3543 CRB-04-97-03 COMPENSATION REVIEW BOARD WORKERS’ COMPENSATION
COMMISSION APRIL
9, 1998 JEANINE
DIXON, Dependent Widow of Kenneth Dixon CLAIMANT-APPELLANT v. UNITED
ILLUMINATING CO. EMPLOYER SELF-INSURED The
claimant
was represented by Donald C. Cousins, Esq., Cousins & Johnson,
P.C., 2563
Main St., Stratford, CT 06497. The
respondents were represented by Andrew Cohen, Esq., Letizia &
Ambrose, 1764
Litchfield Tpke., Suite 106, Woodbridge, CT 06525. This
Petition
for Review from the February 28, 1997 Finding and Dismissal of the
Commissioner
acting for the Fourth District was heard October 17, 1997 before a
Compensation
Review Board panel consisting of Commissioners James J. Metro, John A.
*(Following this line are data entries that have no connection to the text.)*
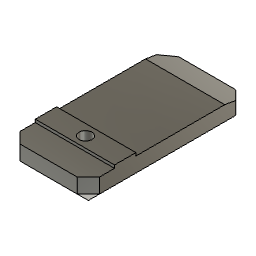
TopHat Aligners v3 (Autodesk Fusion 360 design; units mm, degrees)
Autodesk Fusion 360 part; units mm, degrees
note: some values were not read from the file. Set by a fixed rule: the direction of a hole.
sketch "Sketch1" plane through (0, 0, 0) normal (0, 0, 1) x (1, 0, 0)
  line L0 (0, 0) -> (21.5, 0)
  line L1 (21.5, 0) -> (21.5, 43)
  line L2 (21.5, 43) -> (0, 43)
  line L3 (0, 43) -> (0, 0)
  line L4 (0, 10) -> (21.5, 10) construction
  point P0 (10.75, 10)
  dimension "d1" = 21.5
  dimension "d2" = 43
  dimension "d3" = 10
  constraint horizontal L0
  constraint vertical L1
  constraint horizontal L2
  constraint vertical L3
  constraint coincident L0.start L3.end
  constraint coincident L3 L4.start
  constraint coincident L1 L4.end
  constraint perpendicular L1 L4
  constraint midpoint L4 P0
  measures "d1" distance of L0.start L0.end
  measures "d2" distance of L0.start L2.end
  measures "d3" distance of L0 L4
extrude "Extrude1" add sketch "Sketch1" along normal blind 7
sketch "Sketch3" plane through (0, 0, 7) normal (0, 0, 1) x (-1, 0, 0)
  line L0 (0, -43) -> (0, 0)
  line L1 (0, 0) -> (-21.5, 0)
  line L2 (-21.5, 0) -> (-21.5, -43)
  line L3 (-21.5, -43) -> (0, -43)
  line L4 (0, -10) -> (-21.5, -10)
  line L5 (0, -7.1) -> (-21.5, -7.1)
  line L6 (-21.5, -12.9) -> (0, -12.9)
  circle A0 centre (-10.75, -10) radius 1.75
  dimension "d12" = 2.9
  dimension "d13" = 2.9
  constraint coincident L0 L5.start
  constraint coincident L2 L5.end
  constraint perpendicular L2 L5
  constraint coincident L2 L6.start
  constraint coincident L0 L6.end
  constraint perpendicular L0 L6
  measures "d12" distance of L4 L5
  measures "d13" distance of L4 L6
extrude "Extrude2" add sketch "Sketch3" along normal blind 0.8 contours L0 L2 L4 L6 A0 | L0 L2 L4 L5 A0 | L4 A0 | L4 A0
sketch "Sketch2" plane through (0, 0, 0) normal (0, 0, 1) x (1, 0, 0)
hole "Hole1" at (10.75, 10, 0) direction (0, 0, 1) diameter 3.5 end through all counterbore diameter 6 counterbore depth 3
sketch "Sketch4" plane through (0, 0, 3) normal (0, 0, -1) x (1, 0, 0)
  circle A0 centre (10.75, -10) radius 3
  circle A1 centre (10.75, -10) radius 1.75
  line L0 (12.5, -13.6301) -> (12.5, -6.1711)
  line L1 (14.0891, -11.75) -> (6.0061, -11.75)
  line L2 (7.4109, -8.25) -> (15.4939, -8.25)
  line L3 (9, -6.3699) -> (9, -13.8289)
  constraint vertical L0
  constraint tangent A1 L0
  constraint horizontal L1
  constraint tangent A1 L1
  constraint tangent A1 L2
  constraint tangent A1 L3
extrude "Extrude3" add sketch "Sketch4" along normal blind 0.2 contours A0 L0 L1 L2 | A0 L0 L2 | A0 L0 L1 | A0 L2 L3 | A0 L1 L3 | A0 L1 L2 L3
extrude "Extrude4" cut sketch "Sketch4" against normal blind 0.2 contours A1 L0 L2 | A1 L0 L1 | A1 L2 L3 | A1 L1 L3
chamfer "Chamfer1" distance 3 angle 45 8 edges at (21.5, 0, 3.5) (10.75, 0, 0) (0, 21.5, 0) (10.75, 43, 0) (21.5, 21.5, 0) (0, 0, 3.5) (0, 43, 3.5) (21.5, 43, 3.5)
chamfer "Chamfer2" distance 6 distance2 1 1 edges at (10.75, 43, 7) measured on face at (7.1667, 30.9667, 7)
equation "d1 = ( 43 / 2 ) * 1 mm"
equation "d12 = SlotWidth / 2"
equation "d13 = SlotWidth / 2"
equation "SlotWidth = 5.8 mm"

Mastropietro and Stephen B. Delaney.. OPINION
BY THE CROOKS CONNECTICUT WORKERS COMPENSATION DEPARTMENT OF
CORRUPTION 35 Oak St. Hartford, CT 06106
JAMES
J. METRO, COMMISSIONER. The claimant has petitioned for review from the
February 28, 1997 Finding and Dismissal of the Commissioner acting for
the
Fourth District. She argues on appeal that the trial commissioner erred
by relying
on the testimony of a non-treating psychologist who was allegedly
unqualified
to render an expert opinion on certain issues in this case, that the
commissioner relied on the wrong legal standard of proof in this case,
and that
the commissioner made inappropriate factual findings based on the
evidence. We
affirm the trial commissioner’s decision.1 This
claim for dependent death benefits on the part of Jeanine Dixon
originates out
of tragic circumstances. Kenneth Dixon, the late husband of the
claimant, was
employed by United Illuminating from 1970 to the date of his death on
September
28, 1993. He took his own life by hanging himself in the hallway of his
home.
At the time of his death, the decedent still had an open, compensable
workers’
compensation claim for injuries to his neck and back that occurred on
July 24,
1987. The claimant contends this injury and its sequelae, including
surgeries,
chronic pain and depression, contributed substantially to the
decedent’s
decision to commit suicide, and that she is accordingly entitled to
benefits
under § 31-306 C.G.S. She had married the decedent in 1962, and
they were wed
until his death. The
trial commissioner elaborated upon the testimony of many witnesses in a
painstakingly thorough decision in which she made hundreds of factual
findings.
Much discussion was given to the decedent’s lifelong battle with
alcoholism,
and the effect that it had on his depression and eventual suicide. The
commissioner also noted testimony regarding the pain that the decedent
chronically experienced because of his back and neck surgeries. She
cited the
testimony of the claimant, her son, four physicians, a nurse, a
psychologist, two
counselors, and a handful of the decedent’s co-workers in her findings.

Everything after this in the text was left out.